WORK TO BE COMPLETED:
Scan the lines below for the word "InputSameDT". Copy each line you find it in.

DATA FOR THE TASK:
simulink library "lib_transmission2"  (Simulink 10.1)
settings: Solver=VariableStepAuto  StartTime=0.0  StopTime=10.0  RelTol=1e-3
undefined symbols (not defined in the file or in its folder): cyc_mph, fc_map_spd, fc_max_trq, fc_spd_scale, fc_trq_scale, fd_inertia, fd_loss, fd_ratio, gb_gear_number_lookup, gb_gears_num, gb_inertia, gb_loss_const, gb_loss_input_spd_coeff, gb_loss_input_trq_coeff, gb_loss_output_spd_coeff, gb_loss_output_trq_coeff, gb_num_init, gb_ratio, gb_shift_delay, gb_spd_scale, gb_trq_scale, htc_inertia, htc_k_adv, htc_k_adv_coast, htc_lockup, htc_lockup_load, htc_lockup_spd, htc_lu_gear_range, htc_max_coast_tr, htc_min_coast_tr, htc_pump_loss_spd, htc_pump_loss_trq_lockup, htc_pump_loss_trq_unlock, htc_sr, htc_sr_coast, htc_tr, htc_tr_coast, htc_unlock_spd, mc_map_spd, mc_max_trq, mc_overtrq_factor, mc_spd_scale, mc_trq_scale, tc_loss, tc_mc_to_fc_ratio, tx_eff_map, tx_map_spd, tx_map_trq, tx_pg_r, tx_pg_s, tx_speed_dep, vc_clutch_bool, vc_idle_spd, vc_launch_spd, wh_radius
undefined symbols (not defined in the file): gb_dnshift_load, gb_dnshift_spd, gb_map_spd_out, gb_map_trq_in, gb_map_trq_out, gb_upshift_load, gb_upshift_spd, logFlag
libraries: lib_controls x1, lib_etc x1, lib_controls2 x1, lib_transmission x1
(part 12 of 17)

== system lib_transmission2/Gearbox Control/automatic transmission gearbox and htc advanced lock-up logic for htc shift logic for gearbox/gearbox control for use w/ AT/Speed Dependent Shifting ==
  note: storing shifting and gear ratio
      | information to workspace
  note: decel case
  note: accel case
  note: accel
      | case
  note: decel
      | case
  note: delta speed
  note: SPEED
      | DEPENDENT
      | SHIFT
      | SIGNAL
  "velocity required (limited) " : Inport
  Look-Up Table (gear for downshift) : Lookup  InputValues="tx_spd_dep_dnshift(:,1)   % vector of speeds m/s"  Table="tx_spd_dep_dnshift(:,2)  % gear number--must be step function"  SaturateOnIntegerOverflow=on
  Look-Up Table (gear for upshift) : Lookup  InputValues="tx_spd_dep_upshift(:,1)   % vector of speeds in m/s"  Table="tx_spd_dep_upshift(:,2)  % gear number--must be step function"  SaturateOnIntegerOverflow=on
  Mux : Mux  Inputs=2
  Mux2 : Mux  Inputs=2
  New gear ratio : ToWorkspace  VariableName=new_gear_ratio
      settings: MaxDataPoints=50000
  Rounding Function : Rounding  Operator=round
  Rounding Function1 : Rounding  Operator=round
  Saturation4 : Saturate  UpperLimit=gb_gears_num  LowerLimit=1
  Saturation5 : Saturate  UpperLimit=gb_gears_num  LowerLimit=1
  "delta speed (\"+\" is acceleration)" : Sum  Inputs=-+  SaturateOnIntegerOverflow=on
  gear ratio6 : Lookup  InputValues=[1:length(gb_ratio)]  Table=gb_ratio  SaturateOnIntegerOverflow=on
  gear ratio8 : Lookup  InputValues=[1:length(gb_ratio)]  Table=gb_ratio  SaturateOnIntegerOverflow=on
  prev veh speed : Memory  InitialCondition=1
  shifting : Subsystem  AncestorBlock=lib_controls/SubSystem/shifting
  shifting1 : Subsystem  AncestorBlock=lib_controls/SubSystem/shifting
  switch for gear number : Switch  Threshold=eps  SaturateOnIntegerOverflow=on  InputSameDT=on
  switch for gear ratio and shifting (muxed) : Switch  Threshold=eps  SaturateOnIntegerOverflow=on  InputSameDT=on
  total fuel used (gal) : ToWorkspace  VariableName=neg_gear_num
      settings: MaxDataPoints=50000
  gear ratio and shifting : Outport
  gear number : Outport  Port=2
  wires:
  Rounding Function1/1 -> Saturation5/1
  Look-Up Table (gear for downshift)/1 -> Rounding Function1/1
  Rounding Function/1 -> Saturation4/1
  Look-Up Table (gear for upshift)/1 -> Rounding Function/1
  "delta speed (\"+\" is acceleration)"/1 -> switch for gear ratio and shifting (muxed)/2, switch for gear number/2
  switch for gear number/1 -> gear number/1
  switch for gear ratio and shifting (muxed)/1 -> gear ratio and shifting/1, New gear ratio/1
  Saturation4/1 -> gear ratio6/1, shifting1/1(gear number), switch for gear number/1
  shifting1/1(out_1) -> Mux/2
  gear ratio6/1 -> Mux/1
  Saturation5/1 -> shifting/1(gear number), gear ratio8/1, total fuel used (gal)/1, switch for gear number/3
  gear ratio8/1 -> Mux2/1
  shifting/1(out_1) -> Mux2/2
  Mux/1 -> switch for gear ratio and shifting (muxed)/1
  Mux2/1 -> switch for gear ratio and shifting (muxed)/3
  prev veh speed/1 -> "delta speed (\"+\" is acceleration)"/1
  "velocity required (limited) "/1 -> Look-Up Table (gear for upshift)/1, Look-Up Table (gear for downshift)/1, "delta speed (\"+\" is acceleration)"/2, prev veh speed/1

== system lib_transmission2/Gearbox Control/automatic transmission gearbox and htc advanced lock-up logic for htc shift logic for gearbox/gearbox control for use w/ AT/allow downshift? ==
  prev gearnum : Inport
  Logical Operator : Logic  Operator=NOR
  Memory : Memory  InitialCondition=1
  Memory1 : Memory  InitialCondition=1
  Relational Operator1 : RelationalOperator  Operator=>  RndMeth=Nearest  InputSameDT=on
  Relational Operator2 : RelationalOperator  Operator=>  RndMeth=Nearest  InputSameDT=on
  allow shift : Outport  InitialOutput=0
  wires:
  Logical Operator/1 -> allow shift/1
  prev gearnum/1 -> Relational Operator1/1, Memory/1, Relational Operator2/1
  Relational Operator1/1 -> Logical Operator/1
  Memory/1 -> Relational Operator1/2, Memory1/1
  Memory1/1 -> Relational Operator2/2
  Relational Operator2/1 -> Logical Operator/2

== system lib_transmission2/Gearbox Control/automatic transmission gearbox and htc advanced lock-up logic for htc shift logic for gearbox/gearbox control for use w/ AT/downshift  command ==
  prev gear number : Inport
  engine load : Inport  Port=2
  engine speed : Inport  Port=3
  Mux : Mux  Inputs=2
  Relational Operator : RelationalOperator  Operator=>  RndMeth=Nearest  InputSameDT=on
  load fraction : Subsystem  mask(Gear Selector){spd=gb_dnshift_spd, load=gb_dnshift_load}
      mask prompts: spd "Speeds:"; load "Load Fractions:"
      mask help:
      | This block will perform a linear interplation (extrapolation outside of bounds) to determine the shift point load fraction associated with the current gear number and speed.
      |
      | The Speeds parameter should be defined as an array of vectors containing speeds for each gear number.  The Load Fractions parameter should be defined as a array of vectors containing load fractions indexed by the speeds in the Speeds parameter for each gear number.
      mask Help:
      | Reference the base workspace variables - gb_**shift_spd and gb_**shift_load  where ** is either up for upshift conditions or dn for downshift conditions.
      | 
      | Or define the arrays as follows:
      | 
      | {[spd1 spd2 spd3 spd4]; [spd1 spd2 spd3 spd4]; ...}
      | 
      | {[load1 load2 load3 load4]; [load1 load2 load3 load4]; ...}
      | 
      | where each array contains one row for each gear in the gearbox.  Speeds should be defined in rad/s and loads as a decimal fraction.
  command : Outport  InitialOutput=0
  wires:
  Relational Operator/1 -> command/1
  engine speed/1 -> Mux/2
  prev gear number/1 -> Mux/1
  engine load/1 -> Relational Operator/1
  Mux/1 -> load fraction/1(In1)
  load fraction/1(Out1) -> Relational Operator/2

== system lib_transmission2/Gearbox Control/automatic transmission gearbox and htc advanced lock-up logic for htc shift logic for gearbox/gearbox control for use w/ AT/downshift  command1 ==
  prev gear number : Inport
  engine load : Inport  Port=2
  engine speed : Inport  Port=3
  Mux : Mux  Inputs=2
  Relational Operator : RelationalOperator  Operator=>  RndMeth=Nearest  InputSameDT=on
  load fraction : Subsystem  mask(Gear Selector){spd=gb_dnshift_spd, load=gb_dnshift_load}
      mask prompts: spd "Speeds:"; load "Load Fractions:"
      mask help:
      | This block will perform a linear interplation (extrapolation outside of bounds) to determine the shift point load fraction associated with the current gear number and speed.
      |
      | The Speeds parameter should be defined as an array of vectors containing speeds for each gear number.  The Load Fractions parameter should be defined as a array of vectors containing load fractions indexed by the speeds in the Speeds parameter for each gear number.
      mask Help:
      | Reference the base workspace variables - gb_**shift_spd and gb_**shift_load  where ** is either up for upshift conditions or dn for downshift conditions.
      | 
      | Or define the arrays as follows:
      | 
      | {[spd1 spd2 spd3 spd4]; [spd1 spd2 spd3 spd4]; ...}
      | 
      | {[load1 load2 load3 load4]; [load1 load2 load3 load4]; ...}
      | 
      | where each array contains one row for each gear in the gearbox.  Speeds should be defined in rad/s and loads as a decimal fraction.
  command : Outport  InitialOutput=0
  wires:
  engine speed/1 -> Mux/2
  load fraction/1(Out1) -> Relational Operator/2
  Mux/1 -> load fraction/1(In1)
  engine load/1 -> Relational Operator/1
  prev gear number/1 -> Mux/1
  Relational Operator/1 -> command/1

SOLUTION FOR THIS PROBLEM:
  switch for gear number : Switch  Threshold=eps  SaturateOnIntegerOverflow=on  InputSameDT=on
  switch for gear ratio and shifting (muxed) : Switch  Threshold=eps  SaturateOnIntegerOverflow=on  InputSameDT=on
  Relational Operator1 : RelationalOperator  Operator=>  RndMeth=Nearest  InputSameDT=on
  Relational Operator2 : RelationalOperator  Operator=>  RndMeth=Nearest  InputSameDT=on
  Relational Operator : RelationalOperator  Operator=>  RndMeth=Nearest  InputSameDT=on
  Relational Operator : RelationalOperator  Operator=>  RndMeth=Nearest  InputSameDT=on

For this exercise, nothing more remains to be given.